What Entrepreneurs Should Know About Raising Money From Google Ventures - jaybol
http://gigaom.com/2010/05/03/what-entrepreneurs-should-know-about-raising-money-from-google-ventures/
======
adrianwaj
_Google Ventures wants to find promising companies that Google can help,
rather than companies that will “wholly” help Google, said Maris._

An irony is that one area where Google can help is with scaling, but as soon
as Google Ventures opens up any portfolio companies up to its IT
infrastructure (after months of learning and confidentiality agreements) such
companies become locked in, and much less acquirable to anyone but Google due
to their proprietary nature. So too integrating with internal systems and
middleware.

Besides for an investment, I think the underlying philosophy of GV as being
the notion of what can Google take from the portfolio company rather than the
other way round could well apply (if Google's going to be a first customer,
they may as well own a bit!). GV would be a good way to capture the ingenuity
of Googlers who leave (or want to leave) to start up: Google is better
positioned to access and capitalize on such companies without them having to
be acquired first.

In any case, one area where GV could help is marketing of its portfolio
companies on the main site, say alongside Google Labs.
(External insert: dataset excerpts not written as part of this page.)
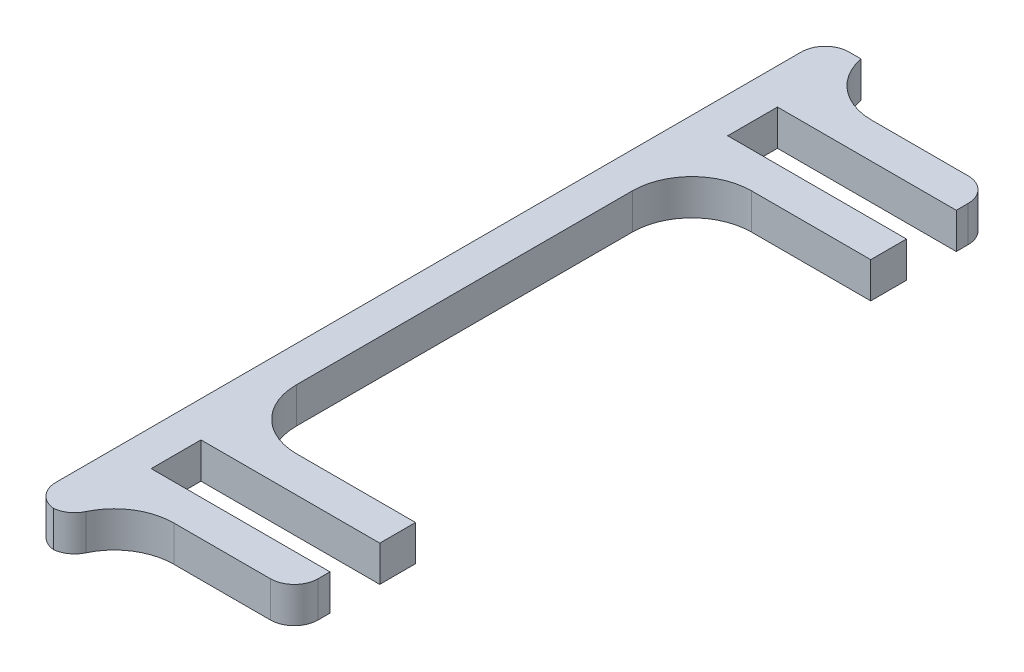
from build123d import *

# Parameters (mm, degrees)
BOSS_EXTRUDE1_DEPTH = 3
FILLET1_R           = 5
FILLET2_R           = 2


with BuildPart() as part:
    # Sketch2 → Boss-Extrude1 (new body)
    with BuildSketch(Plane(origin=(0, 0, 0), x_dir=(1, 0, 0), z_dir=(0, 1, 0))):
        Polygon((-128.893875, -24.675), (-143.893875, -24.675), (-143.893875, -20.5), (-128.893875, -20.5), (-128.893875, -17.5), (-143.893875, -17.5), (-143.893875, 20.69), (-128.893875, 20.69), (-128.893875, 23.69), (-143.893875, 23.69), (-143.893875, 27.865), (-128.893875, 27.865), (-128.893875, 30.865), (-143.893875, 30.865), (-143.893875, 34.865), (-146.893875, 34.865), (-146.893875, -31.675), (-143.893875, -31.675), (-143.893875, -27.675), (-128.893875, -27.675), align=None)
    extrude(amount=BOSS_EXTRUDE1_DEPTH)

    # Fillet1
    # the kernel refuses this fillet: 5 mm, written as the material it adds along each edge
    with BuildSketch(Plane(origin=(-143.893875, 0, 27.675), x_dir=(1.4566126083077746e-12, 0, 1.0), z_dir=(0, 1, 0))) as fillet1_piece_1:
        with BuildLine():
            CenterArc((5, 4.898979486), FILLET1_R, 180, 78.463040967)
            Line((0, 4.898979486), (-0.1, 4.898979486))
            Line((-0.1, 4.898979486), (-0.1, 0))
            Line((-0.1, 0), (0, -0.1))
            ThreePointArc((0, -0.1), (2, -0.1), (3.98, -0.09797959))
            Line((3.98, -0.09797959), (4, 0))
        make_face()
    extrude(amount=3)
    with BuildSketch(Plane(origin=(-143.893875, 0, -30.865), x_dir=(1, 0, 0), z_dir=(0, 1, 0))) as fillet1_piece_2:
        with BuildLine():
            CenterArc((4.898979486, 5), FILLET1_R, 191.536959033, 78.463040967)
            Line((0, 4), (-0.09797959, 3.98))
            ThreePointArc((-0.09797959, 3.98), (-0.1, 2), (-0.1, 0))
            Line((-0.1, 0), (0, -0.1))
            Line((0, -0.1), (4.898979486, -0.1))
            Line((4.898979486, -0.1), (4.898979486, 0))
        make_face()
    extrude(amount=3)
    with BuildSketch(Plane(origin=(-143.893875, 0, -20.69), x_dir=(0, 0, 1), z_dir=(0, 1, 0)), Plane(origin=(-143.893875, 0, 17.5), x_dir=(1, 0, 0), z_dir=(0, 1, 0))) as fillet1_piece_3:
        with BuildLine():
            CenterArc((FILLET1_R, FILLET1_R), FILLET1_R, 180, 90)
            Line((0, FILLET1_R), (-FILLET1_R * 0.02, FILLET1_R))
            Line((-FILLET1_R * 0.02, FILLET1_R), (-FILLET1_R * 0.02, -FILLET1_R * 0.02))
            Line((-FILLET1_R * 0.02, -FILLET1_R * 0.02), (FILLET1_R, -FILLET1_R * 0.02))
            Line((FILLET1_R, -FILLET1_R * 0.02), (FILLET1_R, 0))
        make_face()
    extrude(amount=3)

    # Fillet2
    # the kernel refuses this fillet: 2 mm, written as the material it takes off along each edge
    with BuildSketch(Plane(origin=(-128.893875, -5, 27.675), x_dir=(-1, 0, 0), z_dir=(0, 1, 0)), Plane(origin=(-128.893875, -5, -30.865), x_dir=(0, 0, 1), z_dir=(0, 1, 0)), Plane(origin=(-146.893875, -5, -34.865), x_dir=(1, 0, 0), z_dir=(0, 1, 0)), Plane(origin=(-146.893875, -5, 31.675), x_dir=(0, 0, -1), z_dir=(0, 1, 0))) as fillet2_piece_1:
        with BuildLine():
            CenterArc((FILLET2_R, -FILLET2_R), FILLET2_R, 90, 90)
            Line((0, -FILLET2_R), (0, 0))
            Line((0, 0), (FILLET2_R, 0))
        make_face()
    extrude(amount=13, mode=Mode.SUBTRACT)
    with BuildSketch(Plane(origin=(-143.893875, -3.563939587, 31.675), x_dir=(-1, 0, 0), z_dir=(0, 1, 0))) as fillet2_piece_2:
        with BuildLine():
            CenterArc((1.425575835, -2), FILLET2_R, 90, 64.623066475)
            ThreePointArc((-0.381439971, -1.142857143), (-0.156170388, -0.582959844), (0, 0))
            Line((0, 0), (1.425575835, 0))
        make_face()
    extrude(amount=10.127879174, mode=Mode.SUBTRACT)


solid = part.part

One idea that'd be interesting is if VigLink, a GV portfolio company, used
Chrome so that users could claim affiliate revenue for any affiliate links
coming through the browser. At the moment VigLink only works for webmasters,
but why not users through a plugin? This has been an idea of mine called
backscam. Good way for Chrome (or other browsers) to pickup more users by
using VigLink's business model.